**Assigned task:** The reply should contain the full listing exactly as written and no pictures at all.

_ _ _

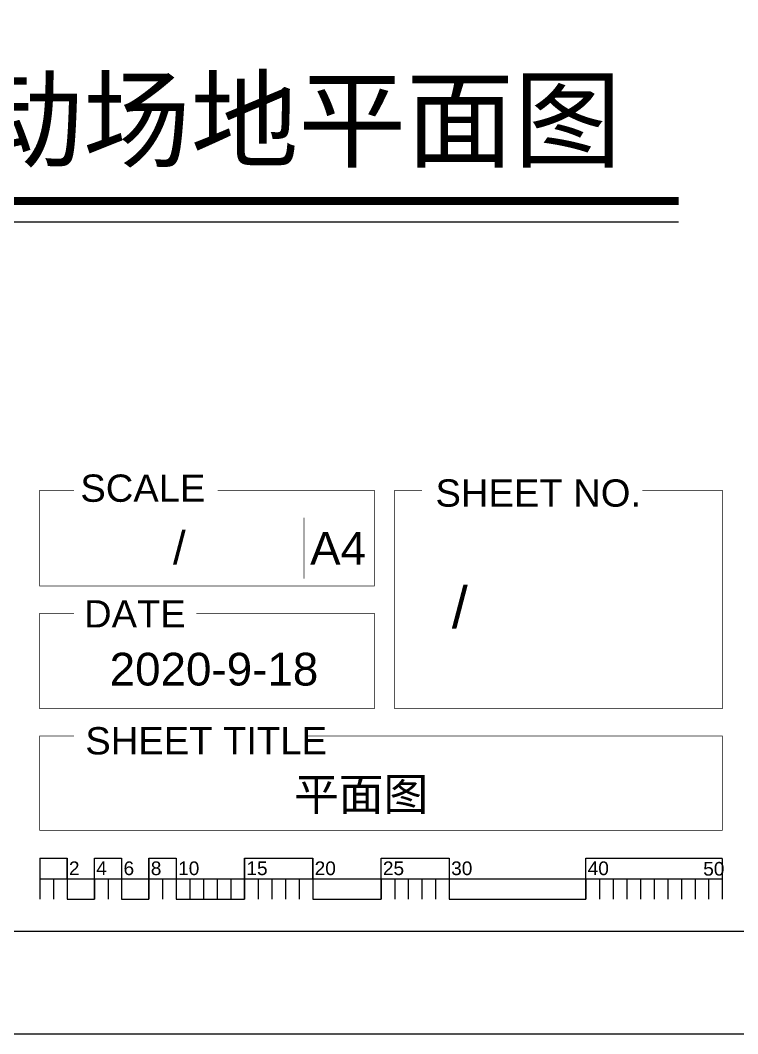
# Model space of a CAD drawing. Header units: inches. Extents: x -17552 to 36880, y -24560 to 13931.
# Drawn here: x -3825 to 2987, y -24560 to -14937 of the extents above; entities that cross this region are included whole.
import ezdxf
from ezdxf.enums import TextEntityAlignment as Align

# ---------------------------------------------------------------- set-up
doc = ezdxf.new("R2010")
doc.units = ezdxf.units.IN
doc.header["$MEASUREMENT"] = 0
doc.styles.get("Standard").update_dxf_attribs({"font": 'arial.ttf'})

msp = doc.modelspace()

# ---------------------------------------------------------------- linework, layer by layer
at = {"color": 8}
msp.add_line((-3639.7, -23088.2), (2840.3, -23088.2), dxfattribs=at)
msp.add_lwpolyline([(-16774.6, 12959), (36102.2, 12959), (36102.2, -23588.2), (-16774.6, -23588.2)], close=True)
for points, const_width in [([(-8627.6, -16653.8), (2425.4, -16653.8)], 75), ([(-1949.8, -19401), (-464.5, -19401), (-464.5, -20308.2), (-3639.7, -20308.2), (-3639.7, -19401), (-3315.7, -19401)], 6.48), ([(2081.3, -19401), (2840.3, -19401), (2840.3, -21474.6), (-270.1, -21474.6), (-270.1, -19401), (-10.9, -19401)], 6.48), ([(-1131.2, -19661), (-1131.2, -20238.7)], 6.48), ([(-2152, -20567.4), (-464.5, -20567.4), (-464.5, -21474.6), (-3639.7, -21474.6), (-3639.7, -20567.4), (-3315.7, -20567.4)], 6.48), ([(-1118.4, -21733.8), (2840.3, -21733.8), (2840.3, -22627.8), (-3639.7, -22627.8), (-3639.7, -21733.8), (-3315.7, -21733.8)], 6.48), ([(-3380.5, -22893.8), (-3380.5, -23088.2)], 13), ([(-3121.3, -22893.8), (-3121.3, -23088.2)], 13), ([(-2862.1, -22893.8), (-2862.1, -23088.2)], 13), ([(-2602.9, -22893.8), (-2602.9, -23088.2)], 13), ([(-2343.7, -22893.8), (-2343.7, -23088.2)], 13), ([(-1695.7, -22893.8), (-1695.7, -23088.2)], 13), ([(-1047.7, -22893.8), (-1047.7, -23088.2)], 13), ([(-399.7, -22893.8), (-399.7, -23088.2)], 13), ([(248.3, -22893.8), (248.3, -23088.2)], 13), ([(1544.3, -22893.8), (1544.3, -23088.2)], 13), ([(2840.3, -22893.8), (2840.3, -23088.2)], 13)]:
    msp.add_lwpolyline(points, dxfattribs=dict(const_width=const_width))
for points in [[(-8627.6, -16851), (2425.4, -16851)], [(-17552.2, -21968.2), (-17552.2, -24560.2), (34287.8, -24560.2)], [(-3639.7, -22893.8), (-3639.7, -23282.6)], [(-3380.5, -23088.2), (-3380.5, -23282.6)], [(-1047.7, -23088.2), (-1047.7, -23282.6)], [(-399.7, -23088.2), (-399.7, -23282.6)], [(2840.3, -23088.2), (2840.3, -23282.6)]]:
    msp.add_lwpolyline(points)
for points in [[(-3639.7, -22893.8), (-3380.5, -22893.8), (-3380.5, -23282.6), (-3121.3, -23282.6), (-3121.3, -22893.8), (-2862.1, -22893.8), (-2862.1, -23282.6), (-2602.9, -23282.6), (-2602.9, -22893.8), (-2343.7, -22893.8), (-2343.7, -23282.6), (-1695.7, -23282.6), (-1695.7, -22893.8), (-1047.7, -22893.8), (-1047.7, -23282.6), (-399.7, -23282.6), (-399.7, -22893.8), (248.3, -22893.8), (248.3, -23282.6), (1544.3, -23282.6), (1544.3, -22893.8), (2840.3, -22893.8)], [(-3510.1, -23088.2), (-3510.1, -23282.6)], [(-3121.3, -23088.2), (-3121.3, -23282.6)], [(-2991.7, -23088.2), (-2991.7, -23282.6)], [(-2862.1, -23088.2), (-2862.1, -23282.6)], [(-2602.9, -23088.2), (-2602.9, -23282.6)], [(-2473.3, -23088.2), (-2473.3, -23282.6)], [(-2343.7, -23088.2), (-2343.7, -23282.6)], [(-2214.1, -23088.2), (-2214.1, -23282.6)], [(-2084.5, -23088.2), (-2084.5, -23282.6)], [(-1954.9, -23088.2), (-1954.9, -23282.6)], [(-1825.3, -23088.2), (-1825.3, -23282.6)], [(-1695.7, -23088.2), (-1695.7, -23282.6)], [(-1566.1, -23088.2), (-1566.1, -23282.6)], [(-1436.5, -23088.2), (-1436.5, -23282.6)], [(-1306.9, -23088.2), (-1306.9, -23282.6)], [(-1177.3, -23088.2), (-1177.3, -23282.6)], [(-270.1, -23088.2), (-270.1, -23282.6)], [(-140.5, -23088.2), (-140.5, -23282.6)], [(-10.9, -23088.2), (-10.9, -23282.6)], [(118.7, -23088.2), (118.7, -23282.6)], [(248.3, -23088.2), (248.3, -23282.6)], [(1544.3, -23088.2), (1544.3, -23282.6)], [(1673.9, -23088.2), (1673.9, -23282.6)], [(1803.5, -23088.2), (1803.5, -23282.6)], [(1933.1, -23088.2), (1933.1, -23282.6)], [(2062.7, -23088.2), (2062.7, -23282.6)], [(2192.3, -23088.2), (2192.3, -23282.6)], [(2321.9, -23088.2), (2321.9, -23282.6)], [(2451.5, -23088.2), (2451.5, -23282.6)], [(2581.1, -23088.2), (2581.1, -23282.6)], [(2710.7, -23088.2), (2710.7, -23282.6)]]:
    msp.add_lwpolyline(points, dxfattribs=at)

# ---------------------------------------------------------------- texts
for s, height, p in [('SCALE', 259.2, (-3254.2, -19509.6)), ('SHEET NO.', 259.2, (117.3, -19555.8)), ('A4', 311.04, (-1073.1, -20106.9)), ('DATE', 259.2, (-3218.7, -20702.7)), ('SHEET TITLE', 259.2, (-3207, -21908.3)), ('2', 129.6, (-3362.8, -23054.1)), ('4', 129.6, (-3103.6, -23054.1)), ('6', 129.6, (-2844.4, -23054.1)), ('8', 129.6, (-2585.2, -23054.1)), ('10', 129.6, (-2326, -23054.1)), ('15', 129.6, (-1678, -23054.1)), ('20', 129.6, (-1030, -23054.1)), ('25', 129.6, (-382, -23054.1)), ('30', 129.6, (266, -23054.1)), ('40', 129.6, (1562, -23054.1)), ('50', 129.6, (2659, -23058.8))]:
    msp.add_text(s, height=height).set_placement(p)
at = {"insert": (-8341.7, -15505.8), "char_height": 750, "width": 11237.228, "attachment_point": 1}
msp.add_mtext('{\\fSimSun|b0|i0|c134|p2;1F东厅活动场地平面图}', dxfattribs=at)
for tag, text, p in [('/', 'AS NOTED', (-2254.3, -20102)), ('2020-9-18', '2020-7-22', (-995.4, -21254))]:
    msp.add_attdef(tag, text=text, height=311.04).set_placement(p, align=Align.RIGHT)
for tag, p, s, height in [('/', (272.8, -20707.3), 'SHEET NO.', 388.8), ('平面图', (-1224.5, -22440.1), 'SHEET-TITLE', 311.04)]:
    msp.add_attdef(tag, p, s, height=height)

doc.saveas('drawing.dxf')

_ _ _

**Task solution:**
# Model space of a CAD drawing. Header units: inches. Extents: x -17552 to 36880, y -24560 to 13931.
# Drawn here: x -3825 to 2987, y -24560 to -14937 of the extents above; entities that cross this region are included whole.
import ezdxf
from ezdxf.enums import TextEntityAlignment as Align

# ---------------------------------------------------------------- set-up
doc = ezdxf.new("R2010")
doc.units = ezdxf.units.IN
doc.header["$MEASUREMENT"] = 0
doc.styles.get("Standard").update_dxf_attribs({"font": 'arial.ttf'})

msp = doc.modelspace()

# ---------------------------------------------------------------- linework, layer by layer
at = {"color": 8}
msp.add_line((-3639.7, -23088.2), (2840.3, -23088.2), dxfattribs=at)
msp.add_lwpolyline([(-16774.6, 12959), (36102.2, 12959), (36102.2, -23588.2), (-16774.6, -23588.2)], close=True)
for points, const_width in [([(-8627.6, -16653.8), (2425.4, -16653.8)], 75), ([(-1949.8, -19401), (-464.5, -19401), (-464.5, -20308.2), (-3639.7, -20308.2), (-3639.7, -19401), (-3315.7, -19401)], 6.48), ([(2081.3, -19401), (2840.3, -19401), (2840.3, -21474.6), (-270.1, -21474.6), (-270.1, -19401), (-10.9, -19401)], 6.48), ([(-1131.2, -19661), (-1131.2, -20238.7)], 6.48), ([(-2152, -20567.4), (-464.5, -20567.4), (-464.5, -21474.6), (-3639.7, -21474.6), (-3639.7, -20567.4), (-3315.7, -20567.4)], 6.48), ([(-1118.4, -21733.8), (2840.3, -21733.8), (2840.3, -22627.8), (-3639.7, -22627.8), (-3639.7, -21733.8), (-3315.7, -21733.8)], 6.48), ([(-3380.5, -22893.8), (-3380.5, -23088.2)], 13), ([(-3121.3, -22893.8), (-3121.3, -23088.2)], 13), ([(-2862.1, -22893.8), (-2862.1, -23088.2)], 13), ([(-2602.9, -22893.8), (-2602.9, -23088.2)], 13), ([(-2343.7, -22893.8), (-2343.7, -23088.2)], 13), ([(-1695.7, -22893.8), (-1695.7, -23088.2)], 13), ([(-1047.7, -22893.8), (-1047.7, -23088.2)], 13), ([(-399.7, -22893.8), (-399.7, -23088.2)], 13), ([(248.3, -22893.8), (248.3, -23088.2)], 13), ([(1544.3, -22893.8), (1544.3, -23088.2)], 13), ([(2840.3, -22893.8), (2840.3, -23088.2)], 13)]:
    msp.add_lwpolyline(points, dxfattribs=dict(const_width=const_width))
for points in [[(-8627.6, -16851), (2425.4, -16851)], [(-17552.2, -21968.2), (-17552.2, -24560.2), (34287.8, -24560.2)], [(-3639.7, -22893.8), (-3639.7, -23282.6)], [(-3380.5, -23088.2), (-3380.5, -23282.6)], [(-1047.7, -23088.2), (-1047.7, -23282.6)], [(-399.7, -23088.2), (-399.7, -23282.6)], [(2840.3, -23088.2), (2840.3, -23282.6)]]:
    msp.add_lwpolyline(points)
for points in [[(-3639.7, -22893.8), (-3380.5, -22893.8), (-3380.5, -23282.6), (-3121.3, -23282.6), (-3121.3, -22893.8), (-2862.1, -22893.8), (-2862.1, -23282.6), (-2602.9, -23282.6), (-2602.9, -22893.8), (-2343.7, -22893.8), (-2343.7, -23282.6), (-1695.7, -23282.6), (-1695.7, -22893.8), (-1047.7, -22893.8), (-1047.7, -23282.6), (-399.7, -23282.6), (-399.7, -22893.8), (248.3, -22893.8), (248.3, -23282.6), (1544.3, -23282.6), (1544.3, -22893.8), (2840.3, -22893.8)], [(-3510.1, -23088.2), (-3510.1, -23282.6)], [(-3121.3, -23088.2), (-3121.3, -23282.6)], [(-2991.7, -23088.2), (-2991.7, -23282.6)], [(-2862.1, -23088.2), (-2862.1, -23282.6)], [(-2602.9, -23088.2), (-2602.9, -23282.6)], [(-2473.3, -23088.2), (-2473.3, -23282.6)], [(-2343.7, -23088.2), (-2343.7, -23282.6)], [(-2214.1, -23088.2), (-2214.1, -23282.6)], [(-2084.5, -23088.2), (-2084.5, -23282.6)], [(-1954.9, -23088.2), (-1954.9, -23282.6)], [(-1825.3, -23088.2), (-1825.3, -23282.6)], [(-1695.7, -23088.2), (-1695.7, -23282.6)], [(-1566.1, -23088.2), (-1566.1, -23282.6)], [(-1436.5, -23088.2), (-1436.5, -23282.6)], [(-1306.9, -23088.2), (-1306.9, -23282.6)], [(-1177.3, -23088.2), (-1177.3, -23282.6)], [(-270.1, -23088.2), (-270.1, -23282.6)], [(-140.5, -23088.2), (-140.5, -23282.6)], [(-10.9, -23088.2), (-10.9, -23282.6)], [(118.7, -23088.2), (118.7, -23282.6)], [(248.3, -23088.2), (248.3, -23282.6)], [(1544.3, -23088.2), (1544.3, -23282.6)], [(1673.9, -23088.2), (1673.9, -23282.6)], [(1803.5, -23088.2), (1803.5, -23282.6)], [(1933.1, -23088.2), (1933.1, -23282.6)], [(2062.7, -23088.2), (2062.7, -23282.6)], [(2192.3, -23088.2), (2192.3, -23282.6)], [(2321.9, -23088.2), (2321.9, -23282.6)], [(2451.5, -23088.2), (2451.5, -23282.6)], [(2581.1, -23088.2), (2581.1, -23282.6)], [(2710.7, -23088.2), (2710.7, -23282.6)]]:
    msp.add_lwpolyline(points, dxfattribs=at)

# ---------------------------------------------------------------- texts
for s, height, p in [('SCALE', 259.2, (-3254.2, -19509.6)), ('SHEET NO.', 259.2, (117.3, -19555.8)), ('A4', 311.04, (-1073.1, -20106.9)), ('DATE', 259.2, (-3218.7, -20702.7)), ('SHEET TITLE', 259.2, (-3207, -21908.3)), ('2', 129.6, (-3362.8, -23054.1)), ('4', 129.6, (-3103.6, -23054.1)), ('6', 129.6, (-2844.4, -23054.1)), ('8', 129.6, (-2585.2, -23054.1)), ('10', 129.6, (-2326, -23054.1)), ('15', 129.6, (-1678, -23054.1)), ('20', 129.6, (-1030, -23054.1)), ('25', 129.6, (-382, -23054.1)), ('30', 129.6, (266, -23054.1)), ('40', 129.6, (1562, -23054.1)), ('50', 129.6, (2659, -23058.8))]:
    msp.add_text(s, height=height).set_placement(p)
at = {"insert": (-8341.7, -15505.8), "char_height": 750, "width": 11237.228, "attachment_point": 1}
msp.add_mtext('{\\fSimSun|b0|i0|c134|p2;1F东厅活动场地平面图}', dxfattribs=at)
for tag, text, p in [('/', 'AS NOTED', (-2254.3, -20102)), ('2020-9-18', '2020-7-22', (-995.4, -21254))]:
    msp.add_attdef(tag, text=text, height=311.04).set_placement(p, align=Align.RIGHT)
for tag, p, s, height in [('/', (272.8, -20707.3), 'SHEET NO.', 388.8), ('平面图', (-1224.5, -22440.1), 'SHEET-TITLE', 311.04)]:
    msp.add_attdef(tag, p, s, height=height)

doc.saveas('drawing.dxf')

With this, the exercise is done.